Data extracted from a collection:
◇ ◇ ◇
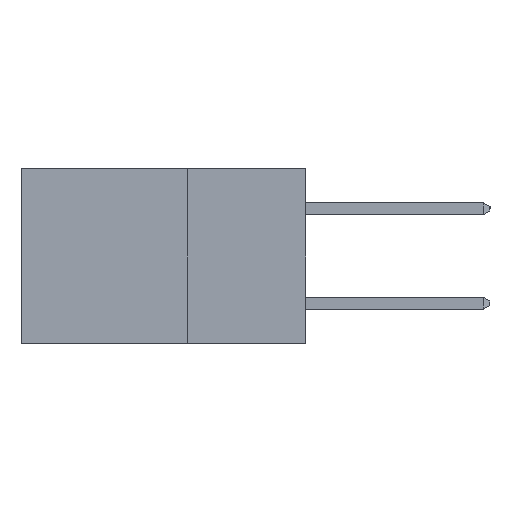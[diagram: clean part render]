
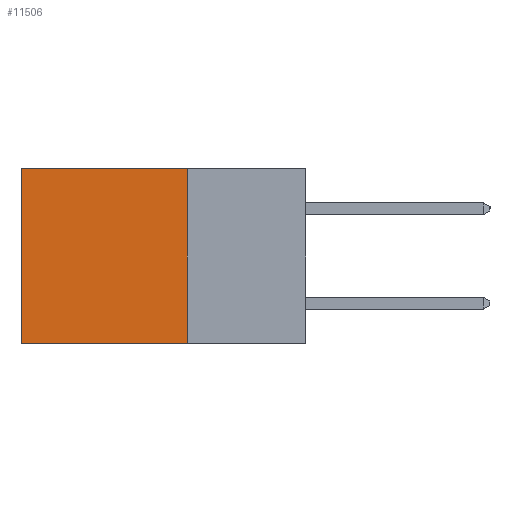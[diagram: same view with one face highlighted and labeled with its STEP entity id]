
A CAD part, left-side view. The second image highlights one B-rep face of the part: STEP entity #11506.
In plain terms, the highlighted planar face has unit normal (-1, 0, 0).
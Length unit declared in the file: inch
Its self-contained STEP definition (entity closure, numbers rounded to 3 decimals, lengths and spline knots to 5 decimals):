
#548 = VECTOR ( 'NONE', #12757, 39.37008 ) ;
#884 = ORIENTED_EDGE ( 'NONE', *, *, #16529, .T. ) ;
#2246 = CARTESIAN_POINT ( 'NONE',  ( 0.2615, 0.25, -0.37 ) ) ;
#3835 = LINE ( 'NONE', #18355, #8710 ) ;
#4700 = DIRECTION ( 'NONE',  ( 1., 0., 0. ) ) ;
#5095 = PLANE ( 'NONE',  #11170 ) ;
#5743 = ORIENTED_EDGE ( 'NONE', *, *, #10610, .F. ) ;
#5829 = LINE ( 'NONE', #16227, #17690 ) ;
#7316 = CARTESIAN_POINT ( 'NONE',  ( 0.2615, 0.6, 0. ) ) ;
#7405 = ORIENTED_EDGE ( 'NONE', *, *, #15174, .T. ) ;
#7695 = DIRECTION ( 'NONE',  ( 0., 1., 0. ) ) ;
#7808 = DIRECTION ( 'NONE',  ( 0., 1., 0. ) ) ;
#8710 = VECTOR ( 'NONE', #9820, 39.37008 ) ;
#8884 = ORIENTED_EDGE ( 'NONE', *, *, #15181, .F. ) ;
#9820 = DIRECTION ( 'NONE',  ( 0., 0., -1. ) ) ;
#10110 = VERTEX_POINT ( 'NONE', #13282 ) ;
#10532 = VERTEX_POINT ( 'NONE', #11553 ) ;
#10610 = EDGE_CURVE ( 'NONE', #14401, #10532, #5829, .T. ) ;
#10849 = LINE ( 'NONE', #15454, #18750 ) ;
#10894 = DIRECTION ( 'NONE',  ( 0., 0., -1. ) ) ;
#11170 = AXIS2_PLACEMENT_3D ( 'NONE', #13619, #4700, #10894 ) ;
#11506 = ADVANCED_FACE ( 'NONE', ( #16667 ), #5095, .F. ) ;
#11553 = CARTESIAN_POINT ( 'NONE',  ( 0.2615, 0.6, -0.37 ) ) ;
#12578 = LINE ( 'NONE', #15428, #548 ) ;
#12757 = DIRECTION ( 'NONE',  ( 0., 0., -1. ) ) ;
#13282 = CARTESIAN_POINT ( 'NONE',  ( 0.2615, 0.25, 0. ) ) ;
#13619 = CARTESIAN_POINT ( 'NONE',  ( 0.2615, 0.25, -0.37 ) ) ;
#13737 = VERTEX_POINT ( 'NONE', #7316 ) ;
#14401 = VERTEX_POINT ( 'NONE', #2246 ) ;
#15174 = EDGE_CURVE ( 'NONE', #13737, #10532, #12578, .T. ) ;
#15181 = EDGE_CURVE ( 'NONE', #10110, #14401, #3835, .T. ) ;
#15428 = CARTESIAN_POINT ( 'NONE',  ( 0.2615, 0.6, -0.37 ) ) ;
#15454 = CARTESIAN_POINT ( 'NONE',  ( 0.2615, 0.25, 0. ) ) ;
#16227 = CARTESIAN_POINT ( 'NONE',  ( 0.2615, 0.25, -0.37 ) ) ;
#16529 = EDGE_CURVE ( 'NONE', #10110, #13737, #10849, .T. ) ;
#16667 = FACE_OUTER_BOUND ( 'NONE', #18345, .T. ) ;
#17690 = VECTOR ( 'NONE', #7695, 39.37008 ) ;
#18345 = EDGE_LOOP ( 'NONE', ( #7405, #5743, #8884, #884 ) ) ;
#18355 = CARTESIAN_POINT ( 'NONE',  ( 0.2615, 0.25, -0.37 ) ) ;
#18750 = VECTOR ( 'NONE', #7808, 39.37008 ) ;
◇ ◇ ◇
● **Exercise directions**:
Extract from the records above the lines from the one containing "A CAD part, left-side" to the one containing "Length unit declared in the file: inch", both lines included, exactly as they appear and with nothing else.

● **Answer below**:
A CAD part, left-side view. The second image highlights one B-rep face of the part: STEP entity #11506.
In plain terms, the highlighted planar face has unit normal (-1, 0, 0).
Length unit declared in the file: inch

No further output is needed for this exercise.